In the CityA worksheet, use the Total row to compute the average of the values shown for each ball. Then, below the Total row, use the =Average() function to compute the average of all values, which should be in the range C2..G707. Your results should look like the illustrative data shown in Figure 7, but the numbers will be different – from now on the figures will show illustrative data rather than the correct data for CityA.
Figure 7: Summary data for a city’s lottery numbers

There are 56 possible integers. Logically, half of the balls drawn should be numbered between 1 and 28 and the other half should be numbered between 29 and 56. Thus, you would expect the average for any ball’s values, and the overall average, to be near 28 or 29.

You need to develop a frequency table for all values between 1 and 56. To build this table, you can develop frequency tables for each ball and then combine the values for the five balls.

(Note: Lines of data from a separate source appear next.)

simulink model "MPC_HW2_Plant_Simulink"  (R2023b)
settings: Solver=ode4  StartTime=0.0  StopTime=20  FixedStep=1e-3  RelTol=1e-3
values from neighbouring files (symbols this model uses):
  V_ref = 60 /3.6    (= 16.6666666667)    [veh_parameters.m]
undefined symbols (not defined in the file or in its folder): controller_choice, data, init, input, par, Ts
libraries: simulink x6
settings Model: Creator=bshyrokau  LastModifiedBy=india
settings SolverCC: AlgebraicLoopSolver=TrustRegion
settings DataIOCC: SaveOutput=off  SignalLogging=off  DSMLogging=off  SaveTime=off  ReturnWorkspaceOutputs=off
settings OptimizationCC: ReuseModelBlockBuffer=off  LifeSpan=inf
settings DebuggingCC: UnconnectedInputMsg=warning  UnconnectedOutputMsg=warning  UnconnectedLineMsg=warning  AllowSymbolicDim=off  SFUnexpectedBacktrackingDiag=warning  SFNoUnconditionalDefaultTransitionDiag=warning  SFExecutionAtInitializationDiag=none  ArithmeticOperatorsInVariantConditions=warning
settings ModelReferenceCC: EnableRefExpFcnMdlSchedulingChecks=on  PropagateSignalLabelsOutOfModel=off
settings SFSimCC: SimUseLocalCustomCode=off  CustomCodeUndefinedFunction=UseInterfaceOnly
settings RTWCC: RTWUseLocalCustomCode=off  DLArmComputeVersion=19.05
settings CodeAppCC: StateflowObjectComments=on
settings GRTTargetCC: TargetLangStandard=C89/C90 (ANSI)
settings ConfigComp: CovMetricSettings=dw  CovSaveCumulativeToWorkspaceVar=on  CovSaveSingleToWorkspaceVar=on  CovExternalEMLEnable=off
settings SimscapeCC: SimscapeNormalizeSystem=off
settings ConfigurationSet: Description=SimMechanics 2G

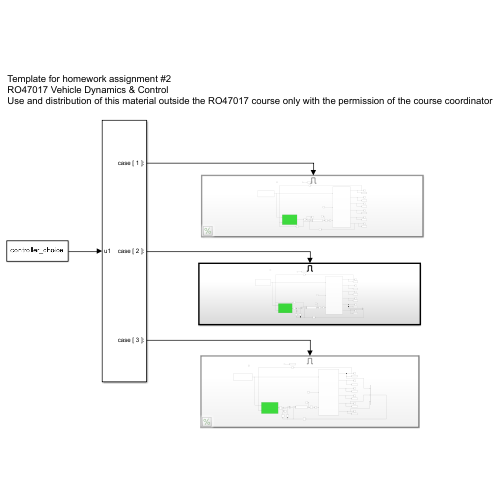
[thumbnail: Simulink's stored preview of the top-level diagram]
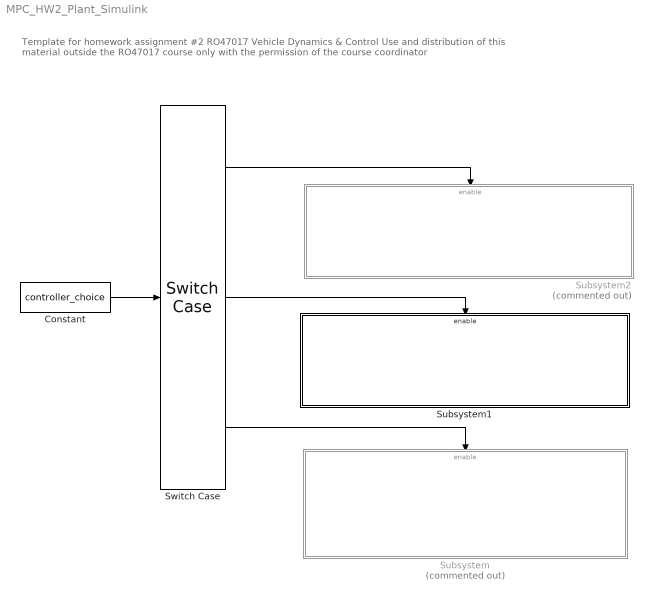
== system MPC_HW2_Plant_Simulink ==
  note: Template for homework assignment #2
      | RO47017 Vehicle Dynamics & Control
      | Use and distribution of this material outside the RO47017 course only with the permission of the course coordinator
  Constant : Constant  Value=controller_choice
  Subsystem : Subsystem  Commented=on
  Subsystem1 : Subsystem
  Subsystem2 : Subsystem  Commented=on
  Switch Case : SwitchCase  CaseConditions={1 2 3}  ShowDefaultCase=off
  wires:
  Switch Case/2 -> Subsystem1/Enable
  Switch Case/3 -> Subsystem/Enable
  Constant/1 -> Switch Case/1
  Switch Case/1 -> Subsystem2/Enable

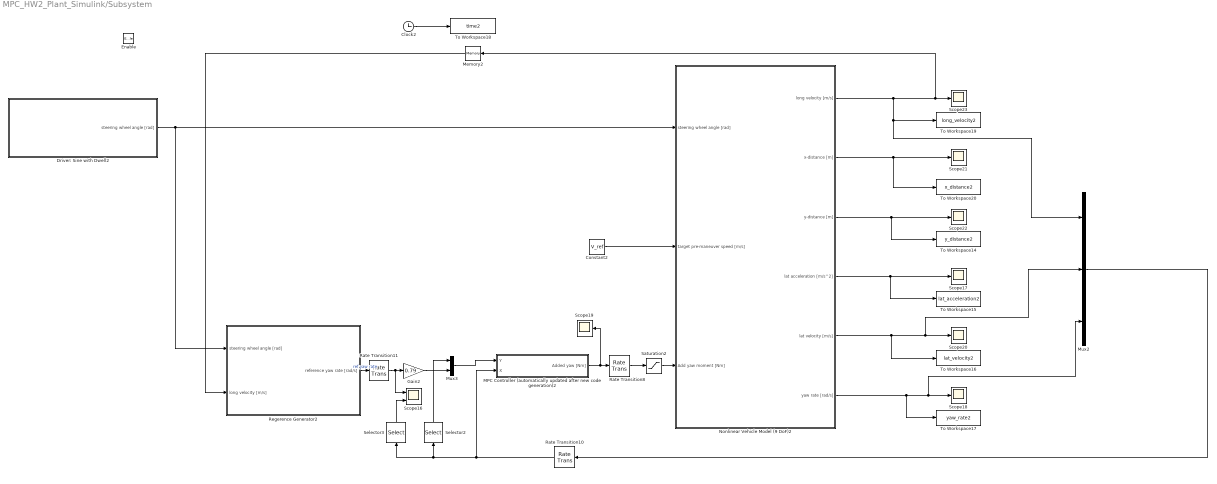
== system MPC_HW2_Plant_Simulink/Subsystem ==
  Enable : EnablePort
  Clock2 : Clock
  Constant2 : Constant  Value=V_ref
  Driver: Sine with Dwell2 : Subsystem
  Gain2 : Gain  Gain=0.79
  MPC Controller (automatically updated after new code generation)2 : Subsystem
  Memory2 : Memory  InitialCondition=V_ref
  Mux2 : Mux  Inputs=3
  Mux3 : Mux  Inputs=2
  Nonlinear Vehicle Model (9 DoF)2 : Subsystem
      mask help: Simulink:masks:GenSFuncDesc_MD
      mask Help: eval('feval(''rtwprivate'',''rtwhelpview'',''rtw_sfcn_block'')');
  Rate Transition10 : RateTransition  InitialCondition=[V_ref 0 0]  OutPortSampleTime=Ts
  Rate Transition11 : RateTransition  OutPortSampleTime=Ts
  Rate Transition8 : RateTransition
  Regerence Generator2 : Subsystem
  Saturation2 : Saturate  UpperLimit=10000  LowerLimit=-10000
  Scope16 : Scope  NumInputPorts=2
  Scope{17..23} (7 alike) : Scope
  Selector2 : Selector  InputPortWidth=3  IndexOptions=Index vector (dialog)  Indices=[1 2]  OutputSizes=1
  Selector3 : Selector  InputPortWidth=3  IndexOptions=Index vector (dialog)  Indices=3  OutputSizes=1
  To Workspace14 : ToWorkspace  VariableName=y_distance2  SampleTime=-1
  To Workspace15 : ToWorkspace  VariableName=lat_acceleration2  SampleTime=-1
  To Workspace16 : ToWorkspace  VariableName=lat_velocity2  SampleTime=-1
  To Workspace17 : ToWorkspace  VariableName=yaw_rate2  SampleTime=-1
  To Workspace18 : ToWorkspace  VariableName=time2  SampleTime=-1
  To Workspace19 : ToWorkspace  VariableName=long_velocity2  SampleTime=-1
  To Workspace20 : ToWorkspace  VariableName=x_distance2  SampleTime=-1
  wires:
  Nonlinear Vehicle Model (9 DoF)2/6(yaw rate [rad/s]) -> Mux2/3, Scope18/1, To Workspace17/1
  Rate Transition10/1 -> Selector3/1, Selector2/1, MPC Controller (automatically updated after new code generation)2/2(X)
  Driver: Sine with Dwell2/1(steering wheel angle [rad]) -> Regerence Generator2/1(steering wheel angle [rad]), Nonlinear Vehicle Model (9 DoF)2/1(steering wheel angle [rad])
  Nonlinear Vehicle Model (9 DoF)2/1(long velocity [m/s]) -> Mux2/1, To Workspace19/1, Memory2/1, Scope23/1
  Nonlinear Vehicle Model (9 DoF)2/5(lat velocity [m/s]) -> To Workspace16/1, Mux2/2, Scope20/1
  Nonlinear Vehicle Model (9 DoF)2/2(x-distance [m]) -> To Workspace20/1, Scope21/1
  Nonlinear Vehicle Model (9 DoF)2/4(lat acceleration [m/s^2]) -> To Workspace15/1, Scope17/1
  MPC Controller (automatically updated after new code generation)2/1(Added yaw [Nm]) -> Scope19/1, Rate Transition8/1
  Mux3/1 -> MPC Controller (automatically updated after new code generation)2/1(Y)
  Mux2/1 -> Rate Transition10/1
  Nonlinear Vehicle Model (9 DoF)2/3(y-distance [m]) -> To Workspace14/1, Scope22/1
  Memory2/1 -> Regerence Generator2/2(long velocity [m/s])
  Selector3/1 -> Scope16/2
  Regerence Generator2/1(reference yaw rate [rad/s]) -> Rate Transition11/1  "ref yaw rate"
  Rate Transition11/1 -> Scope16/1, Gain2/1
  Saturation2/1 -> Nonlinear Vehicle Model (9 DoF)2/3(Add yaw moment [Nm])
  Clock2/1 -> To Workspace18/1
  Rate Transition8/1 -> Saturation2/1
  Constant2/1 -> Nonlinear Vehicle Model (9 DoF)2/2(target pre-maneuver speed [m/s])
  Gain2/1 -> Mux3/2
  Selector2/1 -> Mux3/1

To create a frequency table for a ball, use a pivot table. First, create the pivot table based on the entire data table. Insert the pivot table in the existing worksheet; choose cell location J1. To create a pivot table based on only ball 1 data, drag the Ball 1 field label from the PivotTable Fields list to the Row Labels window and to the ? Values window. Both windows are in the lower-right corner of the worksheet. Drop down the arrow next to Sum of Ball 1 in the ? Values window and select Value Field Settings so that you can change this from Sum to Count to get a count of the 56 ball values, which is equivalent to a frequency chart. Rename cell J1 to Num and cell K1 to Freq and resize these columns to fit the widths of their new labels. The results should resemble the data shown in Figure 8.
Figure 8: Developing a pivot table for ball 1 values

Use the same steps to develop pivot tables for all five balls, as shown in Figure 9.
Figure 9: Developing pivot tables for all ball values

You can then create a summary of the frequencies for all five balls using the =SUM() function, as shown in Figure 10. NOTE: You will have to type the relevant cell references into the function, if you click to select, Excel will put in absolute data table cell references and you won’t be able to use the fill cell to copy the function for the rest of the column. Figure 10 shows only partial data.
Figure 10: Developing a frequency table for numbers 1 to 56

Check your work by summing the Frequency column. For example, a likely cause of error would be forgetting to change from Sum to Count when creating a pivot table. The total should be 3530 (706 lotteries multiplied by five ball values for each lottery). You can also check the table by adding the grand totals for the five pivot tables, which should equal 3530 as well. See the illustrative data in Figure 11.
Figure 11: Checking frequency data

Use the frequency table data to begin creating a stacked column chart, as shown in Figure 12.
Figure 12: Start of column chart
The columns are a combination of the Number and Frequency values, as indicated by the coloured legends. You do not want to include the Number values in the column, so click in the Number section of the chart’s bars and then press the Delete key. You chart should resemble the one shown in Figure 13.
Figure 13: Developing the column chart

You can make the chart look more professional by adding axis labels and changing the title. Values in the figure are for illustrative purposes only and may not match your own. By visual inspection you can see which five values were chosen most frequently in the lottery. Just examine the frequency values on the Y-axis of the chart. You can also verify these values by placing the cursor at the top of the column: Excel will show the related X and Y values.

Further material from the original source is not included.